Work to be completed :: For the listing below, print exactly the lines from the line with "matlab function ISStelerobotics/Slave" to the line with "G21 = m2*l2*sin(qs(2))*g/2", both included, and nothing beyond them.
++++++++
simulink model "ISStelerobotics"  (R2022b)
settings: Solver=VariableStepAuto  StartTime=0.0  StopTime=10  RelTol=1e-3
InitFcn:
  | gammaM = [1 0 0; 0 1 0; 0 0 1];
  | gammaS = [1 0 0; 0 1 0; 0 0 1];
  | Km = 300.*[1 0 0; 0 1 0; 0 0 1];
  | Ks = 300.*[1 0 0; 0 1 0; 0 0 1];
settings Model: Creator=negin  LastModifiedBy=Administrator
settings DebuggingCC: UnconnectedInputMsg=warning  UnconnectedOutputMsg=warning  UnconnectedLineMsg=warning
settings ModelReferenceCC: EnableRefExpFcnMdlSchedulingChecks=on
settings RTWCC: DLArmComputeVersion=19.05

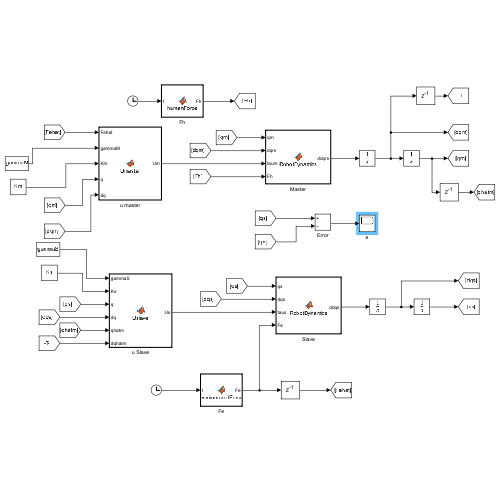
[thumbnail: Simulink's stored preview of the top-level diagram]
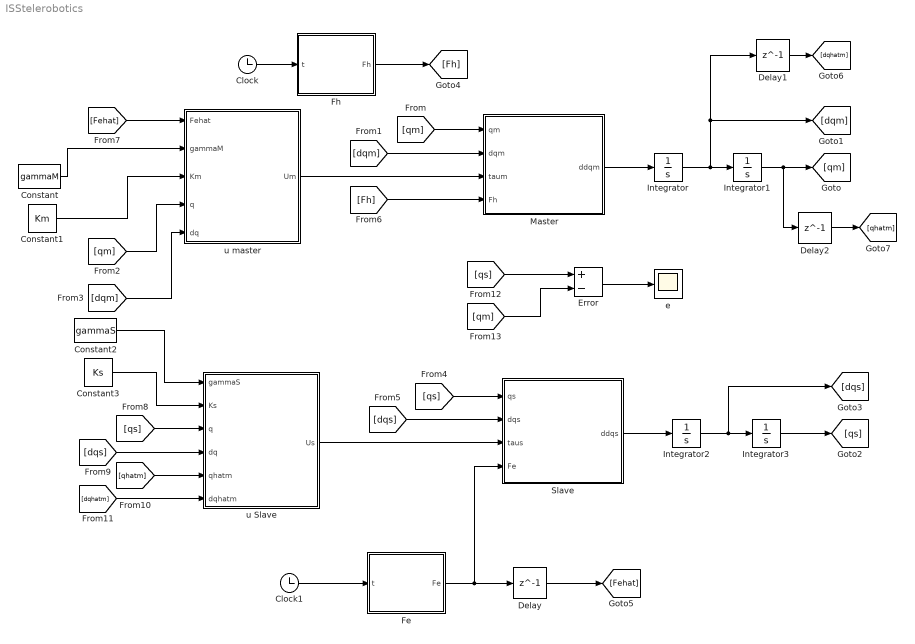
== system ISStelerobotics ==
  Clock : Clock
  Clock1 : Clock
  Constant : Constant  Value=gammaM  VectorParams1D=off
  Constant1 : Constant  Value=Km  VectorParams1D=off
  Constant2 : Constant  Value=gammaS  VectorParams1D=off
  Constant3 : Constant  Value=Ks  VectorParams1D=off
  Delay : Delay  DelayLength=1  InitialCondition=0
  Delay1 : Delay  DelayLength=1  InitialCondition=0
  Delay2 : Delay  DelayLength=1  InitialCondition=0
  Error : Sum  Inputs=+-
  Fe : MATLAB Function  TreatAsAtomicUnit=on
  Fh : MATLAB Function  TreatAsAtomicUnit=on
  Integrator{,1..3} (4 alike) : Integrator  InitialCondition=[0; 0; 0]
  Master : MATLAB Function  TreatAsAtomicUnit=on
  Slave : MATLAB Function  TreatAsAtomicUnit=on
  e : Scope
  u Slave : MATLAB Function  TreatAsAtomicUnit=on
  u master : MATLAB Function  TreatAsAtomicUnit=on
  wires:
  Clock/1 -> Fh/1(t)
  Fh/1(Fh) -> [Fh]
  u master/1(Um) -> Master/3(taum)
  Master/1(ddqm) -> Integrator/1
  Integrator/1 -> Delay1/1, [dqm], Integrator1/1
  Integrator1/1 -> Delay2/1, [qm]
  [qm] -> Master/1(qm)
  [dqm] -> Master/2(dqm)
  Constant/1 -> u master/2(gammaM)
  Constant1/1 -> u master/3(Km)
  [qm] -> u master/4(q)
  [dqm] -> u master/5(dq)
  Slave/1(ddqs) -> Integrator2/1
  Integrator2/1 -> [dqs], Integrator3/1
  Integrator3/1 -> [qs]
  [dqs] -> Slave/2(dqs)
  [qs] -> Slave/1(qs)
  u Slave/1(Us) -> Slave/3(taus)
  [Fh] -> Master/4(Fh)
  Clock1/1 -> Fe/1(t)
  Fe/1(Fe) -> Delay/1, Slave/4(Fe)
  Delay/1 -> [Fehat]
  [Fehat] -> u master/1(Fehat)
  Constant2/1 -> u Slave/1(gammaS)
  Constant3/1 -> u Slave/2(Ks)
  [qs] -> u Slave/3(q)
  [dqs] -> u Slave/4(dq)
  [dqhatm] -> u Slave/6(dqhatm)
  [qhatm] -> u Slave/5(qhatm)
  Delay1/1 -> [dqhatm]
  Delay2/1 -> [qhatm]
  [qs] -> Error/1
  [qm] -> Error/2
  Error/1 -> e/1

== matlab function ISStelerobotics/Master ==
  data: qm input; ddqm output; dqm input; taum input; Fh input
function ddqm = RobotDynamics(qm, dqm, taum, Fh)

m1 = 1;
m2 = 1;
m3 = 1;

l1 = 1;
l2 = 1;
l3 = 1;

r1 = l1/2;
r2 = l2/2;
r3 = l3/2;

R1 = 0.05;
R2 = 0.05;
R3 = 0.05;

g = 9.81;

a1 = m2*r2^2 + m3*l2^2;
a2 = m3*r3^2;
a3 = m3*r3*l2;
b1 = (m2*r2 + m3*l2)*g;
b2 = m3*r3*g;
I1 = 0.5*m1*R1^2;
I2 = 0.5*m2*R2^2;
I3 = 0.5*m3*R3^2;

M11 = a1*cos(qm(2))^2 + a2*cos(qm(2) + qm(3))^2 + 2*a3*cos(qm(2))*cos(qm(2) + qm(3)) + I1;
M12 = 0; 
M13 = 0; 
M21 = 0; 
M31 = 0;
M22 = a1 + a2 + 2*a3*cos(qm(3)) + I2;
M23 = a2 + a3*cos(qm(3));
M32 = a2 + a3*cos(qm(3));
M33 = a2 + I3;
M = [M11 M12 M13; M21 M22 M23; M31 M32 M33];

C11 = -0.5*a1*dqm(2)*sin(2*qm(2)) - 0.5*a2*(dqm(2) + dqm(3))*sin(2*qm(2) + 2*qm(3))...
    - a3*dqm(2)*sin(2*qm(2) + qm(3)) - a3*dqm(3)*cos(qm(2))*sin(qm(2) + qm(3));
C12 = -0.5*a1*dqm(1)*sin(2*qm(2)) - 0.5*a2*dqm(1)*sin(2*qm(2) + 2*qm(3)) - ...
    a3*dqm(1)*sin(2*qm(2) + qm(3));
C13 = -0.5*a2*dqm(1)*sin(2*qm(2) + 2*qm(3)) - a3*dqm(1)*cos(qm(2))*sin(qm(2) + qm(3));
C21 = -C12;
C22 = -a3*dqm(3)*sin(qm(3));
C23 = -a3*(dqm(2) + dqm(3))*sin(qm(3));
C31 = -C13;
C32 = a3*dqm(2)*sin(qm(3));
C33 = 0;
C = [C11 C12 C13; C21 C22 C23; C31 C32 C33];

G11 = 0;
G21 = m2*l2*sin(qm(2))*g/2 - m3*l3*sin(qm(2) + qm(3))*g/2 - m3*l2*sin(qm(2))*g;
G31 = -m3*l3*sin(qm(2) + qm(3))*g/2;
G = [G11; G21; G31];

ddqm = inv(M)*(taum + Fh - C*dqm - G);
end

== matlab function ISStelerobotics/Fh ==
  data: t input; Fh output
function Fh = humanForce(t)

Fh = [t; 2*t; 3*t];

end

== matlab function ISStelerobotics/u master ==
  data: Fehat input; Um output; gammaM input; Km input; q input; dq input
function Um = Umaster(Fehat, gammaM, Km, q, dq)

m1 = 1;
m2 = 1;
m3 = 1;

l1 = 1;
l2 = 1;
l3 = 1;

r1 = l1/2;
r2 = l2/2;
r3 = l3/2;

R1 = 0.05;
R2 = 0.05;
R3 = 0.05;

g = 9.81;

a1 = m2*r2^2 + m3*l2^2;
a2 = m3*r3^2;
a3 = m3*r3*l2;
b1 = (m2*r2 + m3*l2)*g;
b2 = m3*r3*g;
I1 = 0.5*m1*R1^2;
I2 = 0.5*m2*R2^2;
I3 = 0.5*m3*R3^2;

M11 = a1*cos(q(2))^2 + a2*cos(q(2) + q(3))^2 + 2*a3*cos(q(2))*cos(q(2) + q(3)) + I1;
M12 = 0; 
M13 = 0; 
M21 = 0; 
M31 = 0;
M22 = a1 + a2 + 2*a3*cos(q(3)) + I2;
M23 = a2 + a3*cos(q(3));
M32 = a2 + a3*cos(q(3));
M33 = a2 + I3;
M = [M11 M12 M13; M21 M22 M23; M31 M32 M33];

C11 = -0.5*a1*dq(2)*sin(2*q(2)) - 0.5*a2*(dq(2) + dq(3))*sin(2*q(2) + 2*q(3))...
    - a3*dq(2)*sin(2*q(2) + q(3)) - a3*dq(3)*cos(q(2))*sin(q(2) + q(3));
C12 = -0.5*a1*dq(1)*sin(2*q(2)) - 0.5*a2*dq(1)*sin(2*q(2) + 2*q(3)) - ...
    a3*dq(1)*sin(2*q(2) + q(3));
C13 = -0.5*a2*dq(1)*sin(2*q(2) + 2*q(3)) - a3*dq(1)*cos(q(2))*sin(q(2) + q(3));
C21 = -C12;
C22 = -a3*dq(3)*sin(q(3));
C23 = -a3*(dq(2) + dq(3))*sin(q(3));
C31 = -C13;
C32 = a3*dq(2)*sin(q(3));
C33 = 0;
C = [C11 C12 C13; C21 C22 C23; C31 C32 C33];

G11 = 0;
G21 = m2*l2*sin(q(2))*g/2 - m3*l3*sin(q(2) + q(3))*g/2 - m3*l2*sin(q(2))*g;
G31 = -m3*l3*sin(q(2) + q(3))*g/2;
G = [G11; G21; G31];

Um = -M*gammaM*dq - C*gammaM*q + G - Km*(dq + gammaM*q) + Fehat;

end

== matlab function ISStelerobotics/Slave ==
  data: qs input; ddqs output; dqs input; taus input; Fe input
function ddqs = RobotDynamics(qs, dqs, taus, Fe)

m1 = 1;
m2 = 1;
m3 = 1;

l1 = 1;
l2 = 1;
l3 = 1;

r1 = l1/2;
r2 = l2/2;
r3 = l3/2;

R1 = 0.05;
R2 = 0.05;
R3 = 0.05;

g = 9.81;

a1 = m2*r2^2 + m3*l2^2;
a2 = m3*r3^2;
a3 = m3*r3*l2;
b1 = (m2*r2 + m3*l2)*g;
b2 = m3*r3*g;
I1 = 0.5*m1*R1^2;
I2 = 0.5*m2*R2^2;
I3 = 0.5*m3*R3^2;

M11 = a1*cos(qs(2))^2 + a2*cos(qs(2) + qs(3))^2 + 2*a3*cos(qs(2))*cos(qs(2) + qs(3)) + I1;
M12 = 0; 
M13 = 0; 
M21 = 0; 
M31 = 0;
M22 = a1 + a2 + 2*a3*cos(qs(3)) + I2;
M23 = a2 + a3*cos(qs(3));
M32 = a2 + a3*cos(qs(3));
M33 = a2 + I3;
M = [M11 M12 M13; M21 M22 M23; M31 M32 M33];

C11 = -0.5*a1*dqs(2)*sin(2*qs(2)) - 0.5*a2*(dqs(2) + dqs(3))*sin(2*qs(2) + 2*qs(3))...
    - a3*dqs(2)*sin(2*qs(2) + qs(3)) - a3*dqs(3)*cos(qs(2))*sin(qs(2) + qs(3));
C12 = -0.5*a1*dqs(1)*sin(2*qs(2)) - 0.5*a2*dqs(1)*sin(2*qs(2) + 2*qs(3)) - ...
    a3*dqs(1)*sin(2*qs(2) + qs(3));
C13 = -0.5*a2*dqs(1)*sin(2*qs(2) + 2*qs(3)) - a3*dqs(1)*cos(qs(2))*sin(qs(2) + qs(3));
C21 = -C12;
C22 = -a3*dqs(3)*sin(qs(3));
C23 = -a3*(dqs(2) + dqs(3))*sin(qs(3));
C31 = -C13;
C32 = a3*dqs(2)*sin(qs(3));
C33 = 0;
C = [C11 C12 C13; C21 C22 C23; C31 C32 C33];

G11 = 0;
G21 = m2*l2*sin(qs(2))*g/2 - m3*l3*sin(qs(2) + qs(3))*g/2 - m3*l2*sin(qs(2))*g;
G31 = -m3*l3*sin(qs(2) + qs(3))*g/2;
G = [G11; G21; G31];

ddqs = inv(M)*(taus + Fe - C*dqs - G);
end

== matlab function ISStelerobotics/u Slave ==
  data: gammaS input; Us output; Ks input; q input; dq input; qhatm input; dqhatm input
function Us = Uslave(gammaS, Ks, q, dq, qhatm, dqhatm)

m1 = 1;
m2 = 1;
m3 = 1;

l1 = 1;
l2 = 1;
l3 = 1;

r1 = l1/2;
r2 = l2/2;
r3 = l3/2;

R1 = 0.05;
R2 = 0.05;
R3 = 0.05;

g = 9.81;

a1 = m2*r2^2 + m3*l2^2;
a2 = m3*r3^2;
a3 = m3*r3*l2;
b1 = (m2*r2 + m3*l2)*g;
b2 = m3*r3*g;
I1 = 0.5*m1*R1^2;
I2 = 0.5*m2*R2^2;
I3 = 0.5*m3*R3^2;

M11 = a1*cos(q(2))^2 + a2*cos(q(2) + q(3))^2 + 2*a3*cos(q(2))*cos(q(2) + q(3)) + I1;
M12 = 0; 
M13 = 0; 
M21 = 0; 
M31 = 0;
M22 = a1 + a2 + 2*a3*cos(q(3)) + I2;
M23 = a2 + a3*cos(q(3));
M32 = a2 + a3*cos(q(3));
M33 = a2 + I3;
M = [M11 M12 M13; M21 M22 M23; M31 M32 M33];

C11 = -0.5*a1*dq(2)*sin(2*q(2)) - 0.5*a2*(dq(2) + dq(3))*sin(2*q(2) + 2*q(3))...
    - a3*dq(2)*sin(2*q(2) + q(3)) - a3*dq(3)*cos(q(2))*sin(q(2) + q(3));
C12 = -0.5*a1*dq(1)*sin(2*q(2)) - 0.5*a2*dq(1)*sin(2*q(2) + 2*q(3)) - ...
    a3*dq(1)*sin(2*q(2) + q(3));
C13 = -0.5*a2*dq(1)*sin(2*q(2) + 2*q(3)) - a3*dq(1)*cos(q(2))*sin(q(2) + q(3));
C21 = -C12;
C22 = -a3*dq(3)*sin(q(3));
C23 = -a3*(dq(2) + dq(3))*sin(q(3));
C31 = -C13;
C32 = a3*dq(2)*sin(q(3));
C33 = 0;
C = [C11 C12 C13; C21 C22 C23; C31 C32 C33];

G11 = 0;
G21 = m2*l2*sin(q(2))*g/2 - m3*l3*sin(q(2) + q(3))*g/2 - m3*l2*sin(q(2))*g;
G31 = -m3*l3*sin(q(2) + q(3))*g/2;
G = [G11; G21; G31];

Us = M*gammaS*(dqhatm - dq) + C*gammaS*(qhatm - q) + G - Ks*(dq + gammaS*(q - qhatm));

end

== matlab function ISStelerobotics/Fe ==
  data: t input; Fe output
function Fe = environmentForce(t)

Fe = [0.5*t; 0.6*t; 0.7*t];

end
++++++++
Written solution ::
== matlab function ISStelerobotics/Slave ==
  data: qs input; ddqs output; dqs input; taus input; Fe input
function ddqs = RobotDynamics(qs, dqs, taus, Fe)

m1 = 1;
m2 = 1;
m3 = 1;

l1 = 1;
l2 = 1;
l3 = 1;

r1 = l1/2;
r2 = l2/2;
r3 = l3/2;

R1 = 0.05;
R2 = 0.05;
R3 = 0.05;

g = 9.81;

a1 = m2*r2^2 + m3*l2^2;
a2 = m3*r3^2;
a3 = m3*r3*l2;
b1 = (m2*r2 + m3*l2)*g;
b2 = m3*r3*g;
I1 = 0.5*m1*R1^2;
I2 = 0.5*m2*R2^2;
I3 = 0.5*m3*R3^2;

M11 = a1*cos(qs(2))^2 + a2*cos(qs(2) + qs(3))^2 + 2*a3*cos(qs(2))*cos(qs(2) + qs(3)) + I1;
M12 = 0; 
M13 = 0; 
M21 = 0; 
M31 = 0;
M22 = a1 + a2 + 2*a3*cos(qs(3)) + I2;
M23 = a2 + a3*cos(qs(3));
M32 = a2 + a3*cos(qs(3));
M33 = a2 + I3;
M = [M11 M12 M13; M21 M22 M23; M31 M32 M33];

C11 = -0.5*a1*dqs(2)*sin(2*qs(2)) - 0.5*a2*(dqs(2) + dqs(3))*sin(2*qs(2) + 2*qs(3))...
    - a3*dqs(2)*sin(2*qs(2) + qs(3)) - a3*dqs(3)*cos(qs(2))*sin(qs(2) + qs(3));
C12 = -0.5*a1*dqs(1)*sin(2*qs(2)) - 0.5*a2*dqs(1)*sin(2*qs(2) + 2*qs(3)) - ...
    a3*dqs(1)*sin(2*qs(2) + qs(3));
C13 = -0.5*a2*dqs(1)*sin(2*qs(2) + 2*qs(3)) - a3*dqs(1)*cos(qs(2))*sin(qs(2) + qs(3));
C21 = -C12;
C22 = -a3*dqs(3)*sin(qs(3));
C23 = -a3*(dqs(2) + dqs(3))*sin(qs(3));
C31 = -C13;
C32 = a3*dqs(2)*sin(qs(3));
C33 = 0;
C = [C11 C12 C13; C21 C22 C23; C31 C32 C33];

G11 = 0;
G21 = m2*l2*sin(qs(2))*g/2 - m3*l3*sin(qs(2) + qs(3))*g/2 - m3*l2*sin(qs(2))*g;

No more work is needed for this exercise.